Al cabo de cinco interminables minutos uno de los pakis se materializó salido de la nada, justo enfrente de nosotros, haciéndonos el gesto universal de que todo estaba en orden. Mientras avanzábamos sigilosamente hacia el edificio meditaba acerca de lo curioso de esos hombres. Todos ellos eran bastante jóvenes, en torno a unos veintitantos años. Delgados y fibrosos, con unos enormes mostachos negros que pegaban perfectamente con su piel cobriza, aquellos tipos parecían absolutamente competentes en lo que hacían.
Cuando llegamos al muro del edificio nos pegamos a él como ventosas. Podía notar la adrenalina rugiendo en mis venas. Ahora aquello estaba oscuro como la boca de un pozo. Aunque aparentemente no había ninguna de esas cosas por allí cerca podía oír perfectamente el ruido de fondo que producían decenas de pies arrastrándose. Era un sonido aterrador, que ponía los pelos de punta. Era algo así como Rasssssssss-Zump, rasssssssssssss-zump, repitiéndose docenas de veces. Noté como los testículos se encogían de puro pánico. Aquellos seres estaban muy cerca, demasiado cerca, quizás al otro lado de la tapia contra la que nos apoyábamos.
Con sigilo me acerqué hasta la puerta de la nave. Como era de esperar era un enorme portón de acero blindado, con un par de troneras a los lados. Agarré el picaporte y lo gire. La puerta no se movió. Aquello estaba cerrado a cal y canto.
Por un momento no supe qué hacer. La posibilidad de que aquella puerta estuviese cerrada no se me había ni pasado por la cabeza. Ahora estábamos en un jodido punto muerto. No podíamos retroceder pero tampoco podíamos entrar en aquella nave y seguir adelante. Vaya una papeleta.

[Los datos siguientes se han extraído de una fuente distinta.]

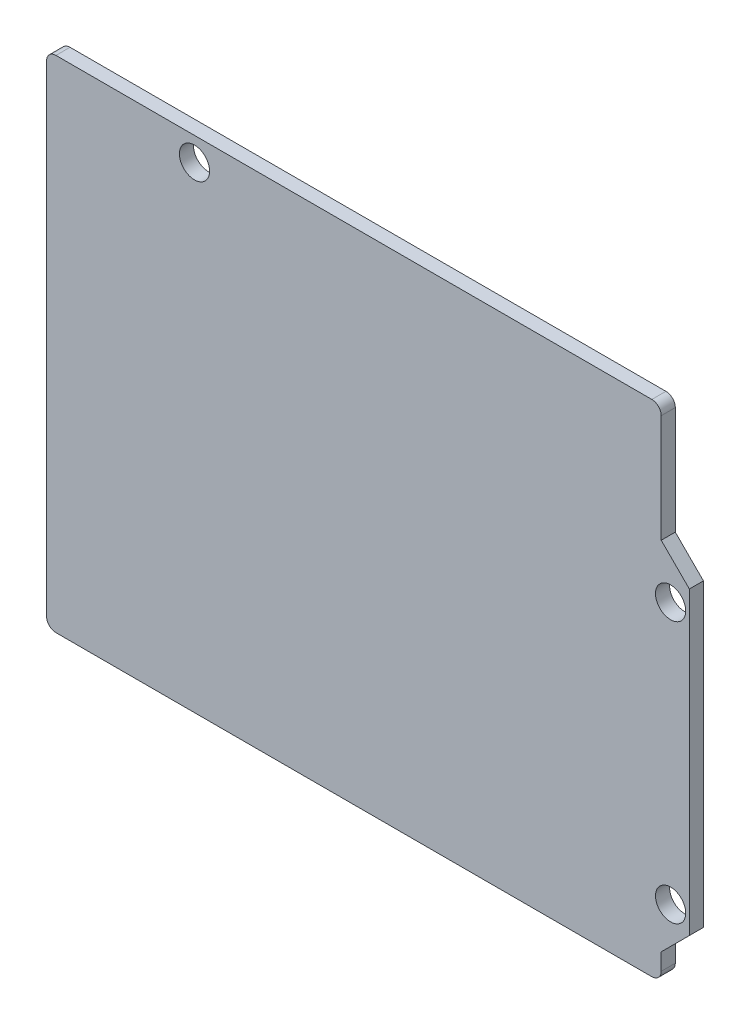
ISO-10303-21;
HEADER;
FILE_DESCRIPTION(('STEP AP214'),'2;1');
FILE_NAME('part.step','',(''),(''),'','','');
FILE_SCHEMA(('AUTOMOTIVE_DESIGN { 1 0 10303 214 1 1 1 1 }'));
ENDSEC;
DATA;
#1=APPLICATION_CONTEXT('core data for automotive mechanical design processes');
#2=APPLICATION_PROTOCOL_DEFINITION('international standard','automotive_design',2000,#1);
#3=PRODUCT_CONTEXT('',#1,'mechanical');
#4=PRODUCT('Part','Part','',(#3));
#5=PRODUCT_RELATED_PRODUCT_CATEGORY('part','',(#4));
#6=PRODUCT_DEFINITION_FORMATION('','',#4);
#7=PRODUCT_DEFINITION_CONTEXT('part definition',#1,'design');
#8=PRODUCT_DEFINITION('design','',#6,#7);
#9=PRODUCT_DEFINITION_SHAPE('','',#8);
#10=(LENGTH_UNIT() NAMED_UNIT(*) SI_UNIT(.MILLI.,.METRE.));
#11=(NAMED_UNIT(*) PLANE_ANGLE_UNIT() SI_UNIT($,.RADIAN.));
#12=(NAMED_UNIT(*) SI_UNIT($,.STERADIAN.) SOLID_ANGLE_UNIT());
#13=UNCERTAINTY_MEASURE_WITH_UNIT(LENGTH_MEASURE(1.E-05),#10,'distance_accuracy_value','');
#14=(GEOMETRIC_REPRESENTATION_CONTEXT(3) GLOBAL_UNCERTAINTY_ASSIGNED_CONTEXT((#13)) GLOBAL_UNIT_ASSIGNED_CONTEXT((#10,
#11,#12)) REPRESENTATION_CONTEXT('',''));
#15=CARTESIAN_POINT('',(0.,0.,0.));
#16=DIRECTION('',(0.,0.,1.));
#17=DIRECTION('',(1.,0.,0.));
#18=AXIS2_PLACEMENT_3D('',#15,#16,#17);
#19=CARTESIAN_POINT('',(-33.265,-25.65,1.5));
#20=DIRECTION('',(0.,0.,1.));
#21=DIRECTION('',(1.,0.,0.));
#22=AXIS2_PLACEMENT_3D('',#19,#20,#21);
#23=PLANE('',#22);
#24=CARTESIAN_POINT('',(32.265,-18.98,1.5));
#25=DIRECTION('',(0.,0.,1.));
#26=DIRECTION('',(1.,0.,0.));
#27=AXIS2_PLACEMENT_3D('',#24,#25,#26);
#28=CIRCLE('',#27,1.61);
#29=CARTESIAN_POINT('',(33.875,-18.98,1.5));
#30=VERTEX_POINT('',#29);
#31=EDGE_CURVE('E287',#30,#30,#28,.T.);
#32=ORIENTED_EDGE('',*,*,#31,.F.);
#33=EDGE_LOOP('',(#32));
#34=FACE_BOUND('',#33,.T.);
#35=CARTESIAN_POINT('',(-33.265,-25.65,1.5));
#36=DIRECTION('',(0.,0.,1.));
#37=DIRECTION('',(1.,0.,0.));
#38=AXIS2_PLACEMENT_3D('',#35,#36,#37);
#39=CIRCLE('',#38,0.999999999999997);
#40=CARTESIAN_POINT('',(-34.265,-25.65,1.5));
#41=VERTEX_POINT('',#40);
#42=CARTESIAN_POINT('',(-33.265,-26.65,1.5));
#43=VERTEX_POINT('',#42);
#44=EDGE_CURVE('E178',#41,#43,#39,.T.);
#45=ORIENTED_EDGE('',*,*,#44,.T.);
#46=DIRECTION('',(1.,0.,0.));
#47=VECTOR('',#46,1.);
#48=CARTESIAN_POINT('',(-33.265,-26.65,1.5));
#49=LINE('',#48,#47);
#50=CARTESIAN_POINT('',(30.265,-26.65,1.5));
#51=VERTEX_POINT('',#50);
#52=EDGE_CURVE('E106',#43,#51,#49,.T.);
#53=ORIENTED_EDGE('',*,*,#52,.T.);
#54=CARTESIAN_POINT('',(30.265,-25.65,1.5));
#55=DIRECTION('',(0.,0.,1.));
#56=DIRECTION('',(-1.,0.,0.));
#57=AXIS2_PLACEMENT_3D('',#54,#55,#56);
#58=CIRCLE('',#57,1.);
#59=CARTESIAN_POINT('',(31.265,-25.65,1.5));
#60=VERTEX_POINT('',#59);
#61=EDGE_CURVE('E205',#51,#60,#58,.T.);
#62=ORIENTED_EDGE('',*,*,#61,.T.);
#63=DIRECTION('',(0.,1.,0.));
#64=VECTOR('',#63,1.);
#65=CARTESIAN_POINT('',(31.265,-23.85,1.5));
#66=LINE('',#65,#64);
#67=CARTESIAN_POINT('',(31.265,-23.85,1.5));
#68=VERTEX_POINT('',#67);
#69=EDGE_CURVE('E224',#60,#68,#66,.T.);
#70=ORIENTED_EDGE('',*,*,#69,.T.);
#71=DIRECTION('',(0.707106781186549,0.707106781186546,0.));
#72=VECTOR('',#71,1.);
#73=CARTESIAN_POINT('',(34.265,-20.85,1.5));
#74=LINE('',#73,#72);
#75=CARTESIAN_POINT('',(34.265,-20.85,1.5));
#76=VERTEX_POINT('',#75);
#77=EDGE_CURVE('E221',#68,#76,#74,.T.);
#78=ORIENTED_EDGE('',*,*,#77,.T.);
#79=DIRECTION('',(0.,1.,0.));
#80=VECTOR('',#79,1.);
#81=CARTESIAN_POINT('',(34.265,11.15,1.5));
#82=LINE('',#81,#80);
#83=CARTESIAN_POINT('',(34.265,11.15,1.5));
#84=VERTEX_POINT('',#83);
#85=EDGE_CURVE('E223',#76,#84,#82,.T.);
#86=ORIENTED_EDGE('',*,*,#85,.T.);
#87=DIRECTION('',(-0.707106781186549,0.707106781186546,0.));
#88=VECTOR('',#87,1.);
#89=CARTESIAN_POINT('',(31.265,14.15,1.5));
#90=LINE('',#89,#88);
#91=CARTESIAN_POINT('',(31.265,14.15,1.5));
#92=VERTEX_POINT('',#91);
#93=EDGE_CURVE('E226',#84,#92,#90,.T.);
#94=ORIENTED_EDGE('',*,*,#93,.T.);
#95=DIRECTION('',(0.,1.,0.));
#96=VECTOR('',#95,1.);
#97=CARTESIAN_POINT('',(31.265,25.65,1.5));
#98=LINE('',#97,#96);
#99=CARTESIAN_POINT('',(31.265,25.65,1.5));
#100=VERTEX_POINT('',#99);
#101=EDGE_CURVE('E232',#92,#100,#98,.T.);
#102=ORIENTED_EDGE('',*,*,#101,.T.);
#103=CARTESIAN_POINT('',(30.265,25.65,1.5));
#104=DIRECTION('',(0.,0.,1.));
#105=DIRECTION('',(1.,0.,0.));
#106=AXIS2_PLACEMENT_3D('',#103,#104,#105);
#107=CIRCLE('',#106,1.);
#108=CARTESIAN_POINT('',(30.265,26.65,1.5));
#109=VERTEX_POINT('',#108);
#110=EDGE_CURVE('E137',#100,#109,#107,.T.);
#111=ORIENTED_EDGE('',*,*,#110,.T.);
#112=DIRECTION('',(-1.,0.,0.));
#113=VECTOR('',#112,1.);
#114=CARTESIAN_POINT('',(-33.265,26.65,1.5));
#115=LINE('',#114,#113);
#116=CARTESIAN_POINT('',(-33.265,26.65,1.5));
#117=VERTEX_POINT('',#116);
#118=EDGE_CURVE('E131',#109,#117,#115,.T.);
#119=ORIENTED_EDGE('',*,*,#118,.T.);
#120=CARTESIAN_POINT('',(-33.265,25.65,1.5));
#121=DIRECTION('',(0.,0.,1.));
#122=DIRECTION('',(1.,0.,0.));
#123=AXIS2_PLACEMENT_3D('',#120,#121,#122);
#124=CIRCLE('',#123,0.999999999999997);
#125=CARTESIAN_POINT('',(-34.265,25.65,1.5));
#126=VERTEX_POINT('',#125);
#127=EDGE_CURVE('E135',#117,#126,#124,.T.);
#128=ORIENTED_EDGE('',*,*,#127,.T.);
#129=DIRECTION('',(0.,-1.,0.));
#130=VECTOR('',#129,1.);
#131=CARTESIAN_POINT('',(-34.265,25.65,1.5));
#132=LINE('',#131,#130);
#133=EDGE_CURVE('E51',#126,#41,#132,.T.);
#134=ORIENTED_EDGE('',*,*,#133,.T.);
#135=EDGE_LOOP('',(#45,#53,#62,#70,#78,#86,#94,#102,#111,#119,#128,#134));
#136=FACE_BOUND('',#135,.T.);
#137=CARTESIAN_POINT('',(32.265,8.92,1.5));
#138=DIRECTION('',(0.,0.,1.));
#139=DIRECTION('',(1.,0.,0.));
#140=AXIS2_PLACEMENT_3D('',#137,#138,#139);
#141=CIRCLE('',#140,1.61);
#142=CARTESIAN_POINT('',(33.875,8.92,1.5));
#143=VERTEX_POINT('',#142);
#144=EDGE_CURVE('E159',#143,#143,#141,.T.);
#145=ORIENTED_EDGE('',*,*,#144,.F.);
#146=EDGE_LOOP('',(#145));
#147=FACE_BOUND('',#146,.T.);
#148=CARTESIAN_POINT('',(-18.495,24.15,1.5));
#149=DIRECTION('',(0.,0.,1.));
#150=DIRECTION('',(1.,0.,0.));
#151=AXIS2_PLACEMENT_3D('',#148,#149,#150);
#152=CIRCLE('',#151,1.61);
#153=CARTESIAN_POINT('',(-16.885,24.15,1.5));
#154=VERTEX_POINT('',#153);
#155=EDGE_CURVE('E278',#154,#154,#152,.T.);
#156=ORIENTED_EDGE('',*,*,#155,.F.);
#157=EDGE_LOOP('',(#156));
#158=FACE_BOUND('',#157,.T.);
#159=ADVANCED_FACE('F34',(#34,#136,#147,#158),#23,.T.);
#160=CARTESIAN_POINT('',(-33.265,-25.65,0.));
#161=DIRECTION('',(0.,0.,1.));
#162=DIRECTION('',(1.,0.,0.));
#163=AXIS2_PLACEMENT_3D('',#160,#161,#162);
#164=PLANE('',#163);
#165=CARTESIAN_POINT('',(-33.265,-25.65,0.));
#166=DIRECTION('',(0.,0.,1.));
#167=DIRECTION('',(1.,0.,0.));
#168=AXIS2_PLACEMENT_3D('',#165,#166,#167);
#169=CIRCLE('',#168,0.999999999999997);
#170=CARTESIAN_POINT('',(-34.265,-25.65,0.));
#171=VERTEX_POINT('',#170);
#172=CARTESIAN_POINT('',(-33.265,-26.65,0.));
#173=VERTEX_POINT('',#172);
#174=EDGE_CURVE('E155',#171,#173,#169,.T.);
#175=ORIENTED_EDGE('',*,*,#174,.F.);
#176=DIRECTION('',(0.,-1.,0.));
#177=VECTOR('',#176,1.);
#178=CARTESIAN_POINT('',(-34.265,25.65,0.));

Notaba los ojos de todos clavados en mi. Girándome hacia Viktor, encogí los hombros, en un gesto mudo, como diciéndole «¿A mí que me cuentas? No tengo ni puta idea de qué hacer». Kritzinev dio un paso adelante y descolgando el AK-47 de su espalda lo amartilló ruidosamente y apuntó a la cerradura. Antes de que empezase con el festival de tiros sujeté la boca del arma y la apunté hacia el suelo, mientras ponía un dedo sobre mis labios. Disparar contra aquella puerta no serviría absolutamente de nada, excepto conseguir una publicidad indeseada de nuestra presencia allí. Con un gesto le indiqué la esquina de la nave que daba a la explanada. Quizás por allí consiguiésemos algo.